Every line of the records below that holds the word "kernel" should be copied out.

- _Data_
___
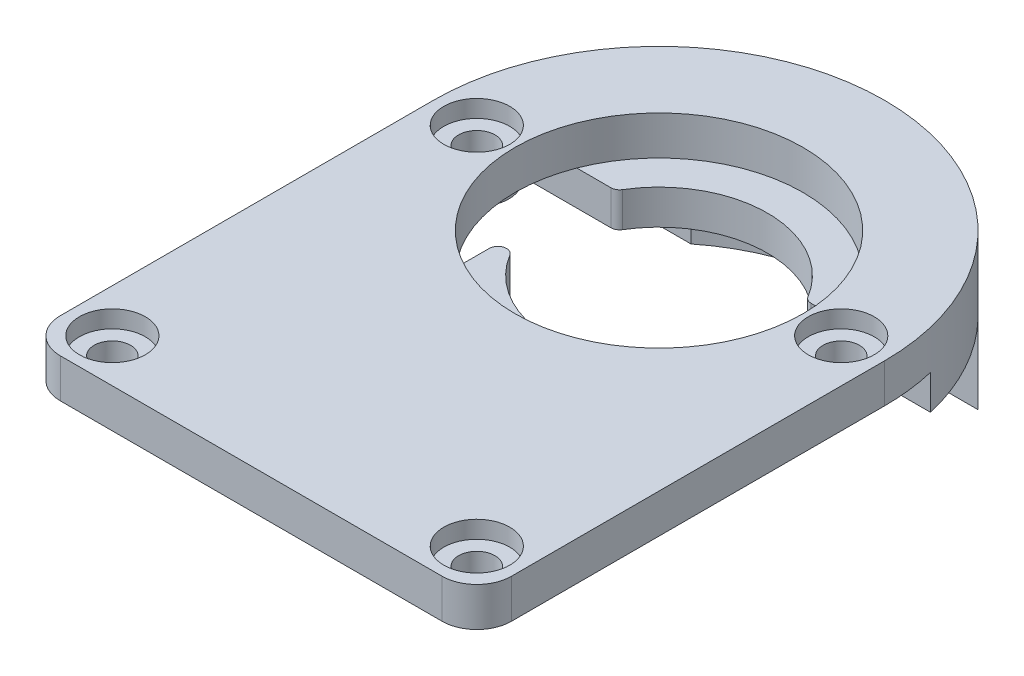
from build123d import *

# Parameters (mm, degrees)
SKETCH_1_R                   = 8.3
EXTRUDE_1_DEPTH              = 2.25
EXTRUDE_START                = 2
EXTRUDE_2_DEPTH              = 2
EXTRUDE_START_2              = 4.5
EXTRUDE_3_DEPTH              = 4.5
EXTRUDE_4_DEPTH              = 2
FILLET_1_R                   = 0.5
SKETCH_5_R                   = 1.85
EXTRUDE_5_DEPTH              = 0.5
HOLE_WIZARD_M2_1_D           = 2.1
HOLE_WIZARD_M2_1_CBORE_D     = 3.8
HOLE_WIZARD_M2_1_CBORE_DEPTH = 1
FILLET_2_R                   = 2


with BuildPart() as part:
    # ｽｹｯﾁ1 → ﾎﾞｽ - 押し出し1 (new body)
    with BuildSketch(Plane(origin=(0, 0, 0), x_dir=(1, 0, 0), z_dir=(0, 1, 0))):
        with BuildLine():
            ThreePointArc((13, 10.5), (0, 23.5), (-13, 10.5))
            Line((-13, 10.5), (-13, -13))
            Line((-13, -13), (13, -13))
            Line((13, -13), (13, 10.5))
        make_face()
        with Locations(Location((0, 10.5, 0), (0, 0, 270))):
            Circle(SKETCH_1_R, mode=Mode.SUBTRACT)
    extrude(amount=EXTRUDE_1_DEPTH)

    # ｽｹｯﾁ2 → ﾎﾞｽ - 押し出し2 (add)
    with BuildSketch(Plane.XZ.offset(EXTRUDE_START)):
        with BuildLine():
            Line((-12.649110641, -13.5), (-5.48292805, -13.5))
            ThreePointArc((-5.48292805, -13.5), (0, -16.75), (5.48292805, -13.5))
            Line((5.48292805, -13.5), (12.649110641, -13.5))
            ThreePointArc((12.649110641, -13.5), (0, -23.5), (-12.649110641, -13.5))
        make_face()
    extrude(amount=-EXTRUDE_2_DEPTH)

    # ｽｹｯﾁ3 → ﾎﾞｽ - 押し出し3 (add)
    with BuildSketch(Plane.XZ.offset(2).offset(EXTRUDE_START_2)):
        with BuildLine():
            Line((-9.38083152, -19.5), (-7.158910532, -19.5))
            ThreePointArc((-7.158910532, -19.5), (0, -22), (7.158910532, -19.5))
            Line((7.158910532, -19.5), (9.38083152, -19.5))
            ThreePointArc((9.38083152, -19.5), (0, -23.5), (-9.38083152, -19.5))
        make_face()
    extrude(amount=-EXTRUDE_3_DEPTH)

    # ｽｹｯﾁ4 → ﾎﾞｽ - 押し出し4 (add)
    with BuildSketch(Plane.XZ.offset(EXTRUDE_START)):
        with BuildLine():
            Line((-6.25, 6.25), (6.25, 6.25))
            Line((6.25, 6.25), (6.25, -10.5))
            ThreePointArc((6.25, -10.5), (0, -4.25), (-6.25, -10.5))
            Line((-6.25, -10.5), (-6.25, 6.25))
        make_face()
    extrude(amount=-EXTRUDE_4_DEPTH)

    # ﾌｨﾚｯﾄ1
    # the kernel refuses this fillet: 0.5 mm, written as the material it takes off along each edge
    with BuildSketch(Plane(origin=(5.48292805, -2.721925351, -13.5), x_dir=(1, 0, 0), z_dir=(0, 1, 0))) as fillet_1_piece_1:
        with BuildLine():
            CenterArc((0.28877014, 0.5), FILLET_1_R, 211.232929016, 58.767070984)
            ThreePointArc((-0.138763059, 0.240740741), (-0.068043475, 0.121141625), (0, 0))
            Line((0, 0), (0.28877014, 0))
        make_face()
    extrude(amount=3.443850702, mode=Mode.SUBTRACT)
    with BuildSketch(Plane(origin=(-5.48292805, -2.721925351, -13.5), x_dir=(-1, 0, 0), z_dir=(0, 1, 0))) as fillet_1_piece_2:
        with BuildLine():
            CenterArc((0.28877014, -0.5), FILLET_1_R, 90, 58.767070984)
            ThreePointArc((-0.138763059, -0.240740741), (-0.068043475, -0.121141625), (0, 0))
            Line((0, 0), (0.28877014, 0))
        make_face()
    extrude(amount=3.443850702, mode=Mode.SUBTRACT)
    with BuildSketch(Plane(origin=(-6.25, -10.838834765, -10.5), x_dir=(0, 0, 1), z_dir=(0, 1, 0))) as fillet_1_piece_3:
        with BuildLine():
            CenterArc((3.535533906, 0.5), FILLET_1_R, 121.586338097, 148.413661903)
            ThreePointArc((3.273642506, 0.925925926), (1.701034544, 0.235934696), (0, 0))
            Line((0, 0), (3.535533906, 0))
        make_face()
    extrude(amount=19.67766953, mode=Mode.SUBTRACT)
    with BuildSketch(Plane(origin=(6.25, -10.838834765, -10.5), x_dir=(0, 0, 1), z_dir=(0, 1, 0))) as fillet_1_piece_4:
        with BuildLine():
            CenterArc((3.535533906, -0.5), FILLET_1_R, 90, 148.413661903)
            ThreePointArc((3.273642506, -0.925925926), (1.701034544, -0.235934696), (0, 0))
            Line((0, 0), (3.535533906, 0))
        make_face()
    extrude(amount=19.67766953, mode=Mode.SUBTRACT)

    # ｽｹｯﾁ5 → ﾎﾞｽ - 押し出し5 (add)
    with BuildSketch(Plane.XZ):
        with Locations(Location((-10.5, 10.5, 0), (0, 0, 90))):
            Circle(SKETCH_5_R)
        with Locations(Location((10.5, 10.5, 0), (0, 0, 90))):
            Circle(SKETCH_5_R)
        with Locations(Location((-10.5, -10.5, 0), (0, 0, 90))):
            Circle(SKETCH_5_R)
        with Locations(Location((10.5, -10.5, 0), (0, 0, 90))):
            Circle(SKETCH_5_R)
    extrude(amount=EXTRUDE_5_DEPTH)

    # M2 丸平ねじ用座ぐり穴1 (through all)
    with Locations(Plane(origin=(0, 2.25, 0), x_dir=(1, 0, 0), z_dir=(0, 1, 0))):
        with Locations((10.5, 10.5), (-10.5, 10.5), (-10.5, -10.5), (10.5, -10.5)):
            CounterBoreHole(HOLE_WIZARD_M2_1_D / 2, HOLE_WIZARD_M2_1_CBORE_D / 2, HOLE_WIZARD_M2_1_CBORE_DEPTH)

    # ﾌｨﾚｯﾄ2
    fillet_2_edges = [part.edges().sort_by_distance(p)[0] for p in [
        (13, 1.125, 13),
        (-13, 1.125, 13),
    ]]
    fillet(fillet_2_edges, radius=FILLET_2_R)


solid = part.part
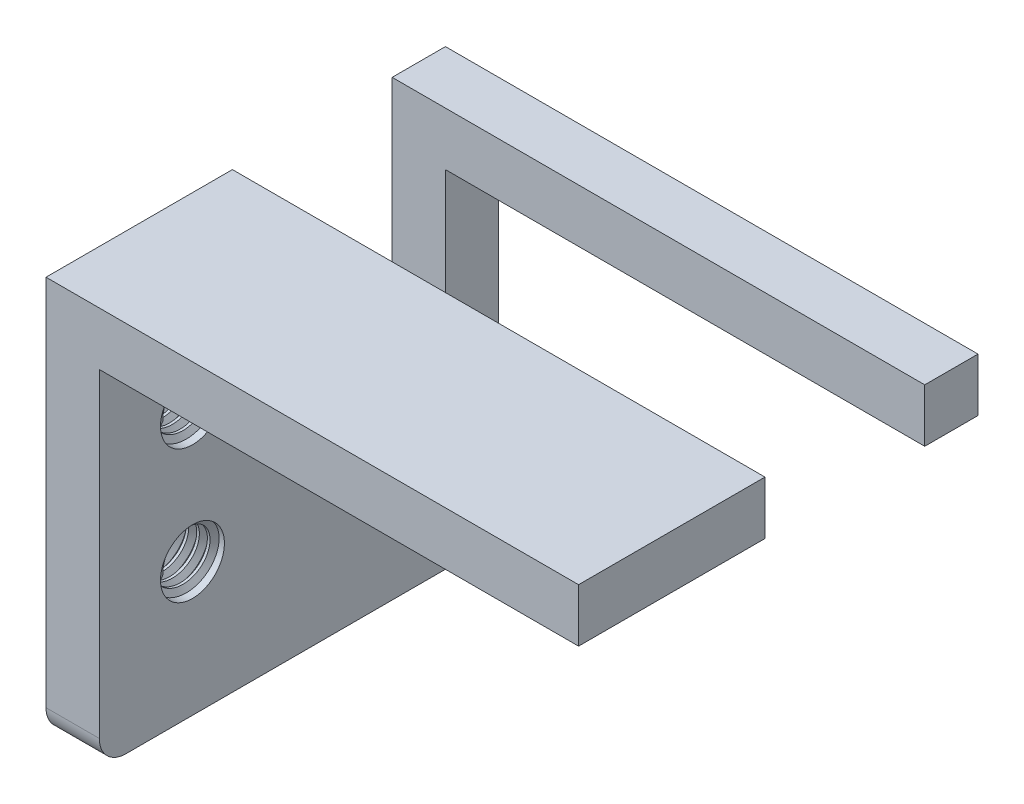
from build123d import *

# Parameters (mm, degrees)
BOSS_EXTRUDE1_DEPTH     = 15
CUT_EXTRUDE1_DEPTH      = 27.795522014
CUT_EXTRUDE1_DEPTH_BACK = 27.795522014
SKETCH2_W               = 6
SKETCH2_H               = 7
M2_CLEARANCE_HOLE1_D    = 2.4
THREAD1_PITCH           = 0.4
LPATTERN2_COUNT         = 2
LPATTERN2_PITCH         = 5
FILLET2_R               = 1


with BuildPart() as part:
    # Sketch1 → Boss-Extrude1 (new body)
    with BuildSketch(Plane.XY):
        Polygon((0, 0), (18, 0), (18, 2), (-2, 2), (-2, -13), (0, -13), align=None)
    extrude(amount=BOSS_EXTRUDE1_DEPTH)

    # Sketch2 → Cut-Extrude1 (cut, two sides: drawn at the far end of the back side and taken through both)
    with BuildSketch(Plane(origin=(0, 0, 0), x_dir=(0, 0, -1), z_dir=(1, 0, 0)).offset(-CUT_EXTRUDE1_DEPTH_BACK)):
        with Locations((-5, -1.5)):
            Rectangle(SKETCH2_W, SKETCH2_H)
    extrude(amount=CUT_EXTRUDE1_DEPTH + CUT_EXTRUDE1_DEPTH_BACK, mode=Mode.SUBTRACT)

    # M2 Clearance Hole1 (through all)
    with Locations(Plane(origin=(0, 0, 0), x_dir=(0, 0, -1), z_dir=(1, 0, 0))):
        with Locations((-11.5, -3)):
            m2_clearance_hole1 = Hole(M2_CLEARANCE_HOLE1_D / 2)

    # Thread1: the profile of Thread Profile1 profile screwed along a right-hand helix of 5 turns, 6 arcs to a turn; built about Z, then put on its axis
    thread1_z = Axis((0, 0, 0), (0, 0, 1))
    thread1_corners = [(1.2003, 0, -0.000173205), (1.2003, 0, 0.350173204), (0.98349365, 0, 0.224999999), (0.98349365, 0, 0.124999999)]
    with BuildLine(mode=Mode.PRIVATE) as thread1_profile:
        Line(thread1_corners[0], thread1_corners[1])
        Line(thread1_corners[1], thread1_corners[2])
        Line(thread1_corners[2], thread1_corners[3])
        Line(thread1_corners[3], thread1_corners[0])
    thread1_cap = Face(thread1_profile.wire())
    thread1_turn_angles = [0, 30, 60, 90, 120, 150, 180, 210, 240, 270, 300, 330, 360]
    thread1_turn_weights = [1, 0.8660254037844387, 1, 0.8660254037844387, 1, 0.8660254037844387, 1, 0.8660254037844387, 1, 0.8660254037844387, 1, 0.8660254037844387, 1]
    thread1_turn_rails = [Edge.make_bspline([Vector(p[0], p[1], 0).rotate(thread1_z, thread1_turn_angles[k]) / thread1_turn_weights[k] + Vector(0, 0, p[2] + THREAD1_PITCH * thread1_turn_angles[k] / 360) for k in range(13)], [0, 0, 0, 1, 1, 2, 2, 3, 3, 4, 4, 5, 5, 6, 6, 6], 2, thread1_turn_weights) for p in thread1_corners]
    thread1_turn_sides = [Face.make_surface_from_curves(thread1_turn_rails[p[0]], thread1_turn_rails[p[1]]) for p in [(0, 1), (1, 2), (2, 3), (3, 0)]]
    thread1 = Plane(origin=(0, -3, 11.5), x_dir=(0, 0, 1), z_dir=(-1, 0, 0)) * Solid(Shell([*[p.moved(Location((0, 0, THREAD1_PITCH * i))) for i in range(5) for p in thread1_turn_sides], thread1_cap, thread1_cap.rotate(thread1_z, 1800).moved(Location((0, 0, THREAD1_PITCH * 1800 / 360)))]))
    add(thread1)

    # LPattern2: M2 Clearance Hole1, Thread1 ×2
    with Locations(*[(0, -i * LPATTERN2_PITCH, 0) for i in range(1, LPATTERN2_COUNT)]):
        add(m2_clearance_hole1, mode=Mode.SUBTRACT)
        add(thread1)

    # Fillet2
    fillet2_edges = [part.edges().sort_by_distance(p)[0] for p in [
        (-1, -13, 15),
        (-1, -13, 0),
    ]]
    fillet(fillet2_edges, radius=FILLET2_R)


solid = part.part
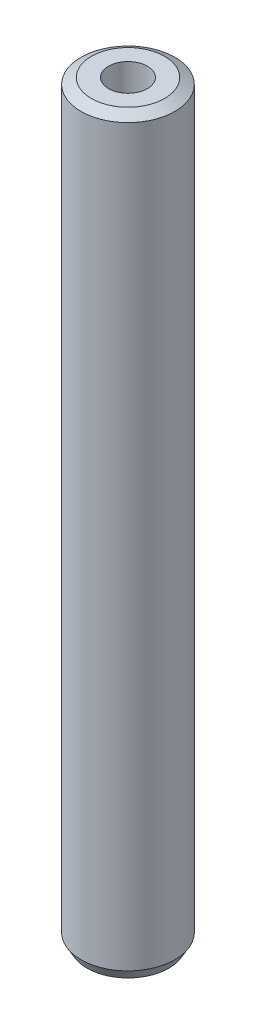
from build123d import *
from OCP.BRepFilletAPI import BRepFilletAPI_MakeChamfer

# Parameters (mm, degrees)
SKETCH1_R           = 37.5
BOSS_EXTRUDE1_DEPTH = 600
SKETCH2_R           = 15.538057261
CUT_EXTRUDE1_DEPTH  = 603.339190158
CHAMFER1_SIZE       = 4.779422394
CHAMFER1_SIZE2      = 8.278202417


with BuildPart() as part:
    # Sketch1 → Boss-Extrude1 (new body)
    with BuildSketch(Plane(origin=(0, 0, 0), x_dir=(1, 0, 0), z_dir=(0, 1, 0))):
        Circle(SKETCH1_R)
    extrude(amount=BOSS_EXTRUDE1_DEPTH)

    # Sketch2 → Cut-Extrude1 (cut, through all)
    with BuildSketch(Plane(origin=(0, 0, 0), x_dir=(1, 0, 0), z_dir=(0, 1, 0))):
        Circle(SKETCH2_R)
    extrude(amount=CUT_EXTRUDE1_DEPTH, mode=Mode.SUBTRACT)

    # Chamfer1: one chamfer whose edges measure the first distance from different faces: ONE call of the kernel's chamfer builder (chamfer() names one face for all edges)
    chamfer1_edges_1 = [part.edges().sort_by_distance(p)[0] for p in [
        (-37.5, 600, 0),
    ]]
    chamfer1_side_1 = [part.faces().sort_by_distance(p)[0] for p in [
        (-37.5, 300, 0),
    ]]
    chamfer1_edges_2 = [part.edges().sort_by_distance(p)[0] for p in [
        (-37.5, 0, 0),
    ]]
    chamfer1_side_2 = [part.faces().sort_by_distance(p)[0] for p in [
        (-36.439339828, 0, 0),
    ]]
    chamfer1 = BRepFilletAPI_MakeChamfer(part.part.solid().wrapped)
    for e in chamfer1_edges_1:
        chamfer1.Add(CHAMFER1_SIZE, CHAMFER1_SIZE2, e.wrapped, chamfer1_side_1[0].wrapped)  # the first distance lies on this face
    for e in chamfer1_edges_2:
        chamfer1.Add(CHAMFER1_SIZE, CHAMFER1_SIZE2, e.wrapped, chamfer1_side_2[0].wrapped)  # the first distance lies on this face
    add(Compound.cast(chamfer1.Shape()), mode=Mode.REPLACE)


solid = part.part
___
- _Reply_
    # the kernel refuses this fillet: 0.5 mm, written as the material it takes off along each edge
    # Chamfer1: one chamfer whose edges measure the first distance from different faces: ONE call of the kernel's chamfer builder (chamfer() names one face for all edges)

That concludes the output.